• Directions for this task: Copy exactly the lines from the beginning of the data down to and including the line holding "SW1, SW2: SW_Push; SW_PUSH_6mm", without any pictures.

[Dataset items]
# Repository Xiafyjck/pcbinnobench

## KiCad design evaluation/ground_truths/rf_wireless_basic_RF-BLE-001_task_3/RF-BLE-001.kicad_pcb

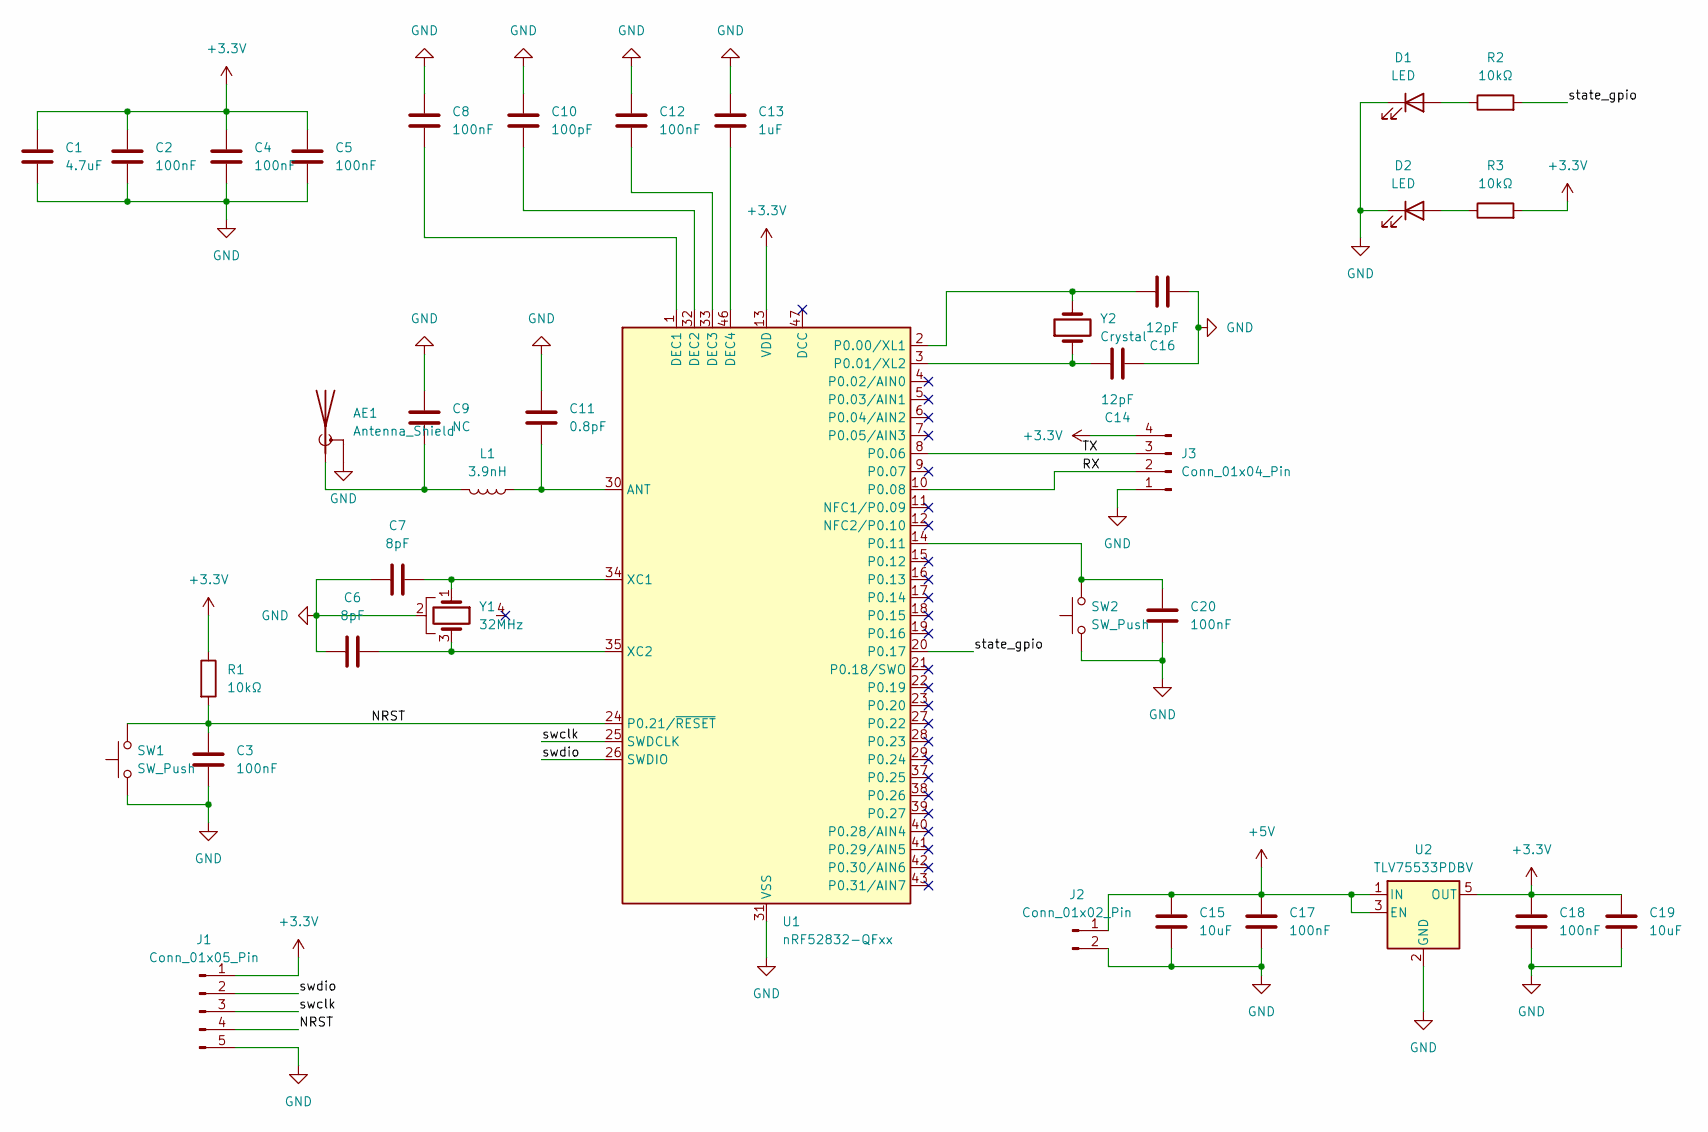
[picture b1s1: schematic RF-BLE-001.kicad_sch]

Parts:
AE1: Antenna_Shield; Texas_SWRA117D_2.4GHz_Right
C1: 4.7uF; C_0805_2012Metric
C2, C3, C4, C5, C8, C12, C17, C18, C20: 100nF; C_0805_2012Metric
C6, C7: 8pF; C_0805_2012Metric
C9: NC; C_0402_1005Metric
C10: 100pF; C_0805_2012Metric
C11: 0.8pF; C_0402_1005Metric
C13: 1uF; C_0805_2012Metric
C14, C16: 12pF; C_0805_2012Metric
C15, C19: 10uF; C_0805_2012Metric
D1, D2: LED; LED_0805_2012Metric
J1: Conn_01x05_Pin; JST_XH_B5B-XH-A_1x05_P2.50mm_Vertical
J2: Conn_01x02_Pin; JST_EH_B2B-EH-A_1x02_P2.50mm_Vertical
J3: Conn_01x04_Pin; JST_XH_B4B-XH-A_1x04_P2.50mm_Vertical
L1: 3.9nH; C_0402_1005Metric
R1, R2, R3: 10kΩ; R_0805_2012Metric
SW1, SW2: SW_Push; SW_PUSH_6mm
U1: nRF52832-QFxx; QFN-48-1EP_6x6mm_P0.4mm_EP4.6x4.6mm
U2: TLV75533PDBV; SOT-23-5
Y1: 32MHz; Crystal_SMD_Abracon_ABM8AIG-4Pin_3.2x2.5mm
Y2: Crystal; Crystal_HC49-4H_Vertical

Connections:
+3.3V: C1.1, C2.1, C4.1, C5.1, C18.1, C19.1, J1.1, J3.4, R1.1, R3.2, U1.13 (VDD), U1.36 (VDD), U1.48 (VDD), U2.5 (OUT)
+5V: C15.1, C17.1, J2.1, U2.1 (IN), U2.3 (EN)
/NRST: C3.1, J1.4, R1.2, SW1.2, U1.24 (P0.21/~RESET)
/RX: J3.2, U1.10 (P0.08)
/TX: J3.3, U1.8 (P0.06)
/state_gpio: R2.2, U1.20 (P0.17)
/swclk: J1.3, U1.25 (SWDCLK)
/swdio: J1.2, U1.26 (SWDIO)
GND: AE1.2 (Shield), C1.2, C2.2, C3.2, C4.2, C5.2, C6.1, C7.1, C8.1, C9.1, C10.1, C11.1, C12.1, C13.1, C14.1, C15.2, C16.1, C17.2, C18.2, C19.2, C20.2, D1.1 (K), D2.1 (K), J1.5, J2.2, J3.1, SW1.1, SW2.1, U1.31 (VSS), U1.45 (VSS), U1.49 (VSS), U2.2 (GND), Y1.2
unnamed: AE1.1 (A), C9.2, L1.2
unnamed: D1.2 (A), R2.1
unnamed: D2.2 (A), R3.1
unnamed: C11.2, L1.1, U1.30 (ANT)
unnamed: C8.2, U1.1 (DEC1)
unnamed: C10.2, U1.32 (DEC2)
unnamed: C12.2, U1.33 (DEC3)
unnamed: C13.2, U1.46 (DEC4)
unnamed: C16.2, U1.2 (P0.00/XL1), Y2.2
unnamed: C14.2, U1.3 (P0.01/XL2), Y2.1
unnamed: C20.1, SW2.2, U1.14 (P0.11)
unnamed: C7.2, U1.34 (XC1), Y1.1
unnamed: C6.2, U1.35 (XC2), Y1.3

• Written answer:
# Repository Xiafyjck/pcbinnobench

## KiCad design evaluation/ground_truths/rf_wireless_basic_RF-BLE-001_task_3/RF-BLE-001.kicad_pcb

[picture b1s1: schematic RF-BLE-001.kicad_sch]

Parts:
AE1: Antenna_Shield; Texas_SWRA117D_2.4GHz_Right
C1: 4.7uF; C_0805_2012Metric
C2, C3, C4, C5, C8, C12, C17, C18, C20: 100nF; C_0805_2012Metric
C6, C7: 8pF; C_0805_2012Metric
C9: NC; C_0402_1005Metric
C10: 100pF; C_0805_2012Metric
C11: 0.8pF; C_0402_1005Metric
C13: 1uF; C_0805_2012Metric
C14, C16: 12pF; C_0805_2012Metric
C15, C19: 10uF; C_0805_2012Metric
D1, D2: LED; LED_0805_2012Metric
J1: Conn_01x05_Pin; JST_XH_B5B-XH-A_1x05_P2.50mm_Vertical
J2: Conn_01x02_Pin; JST_EH_B2B-EH-A_1x02_P2.50mm_Vertical
J3: Conn_01x04_Pin; JST_XH_B4B-XH-A_1x04_P2.50mm_Vertical
L1: 3.9nH; C_0402_1005Metric
R1, R2, R3: 10kΩ; R_0805_2012Metric
SW1, SW2: SW_Push; SW_PUSH_6mm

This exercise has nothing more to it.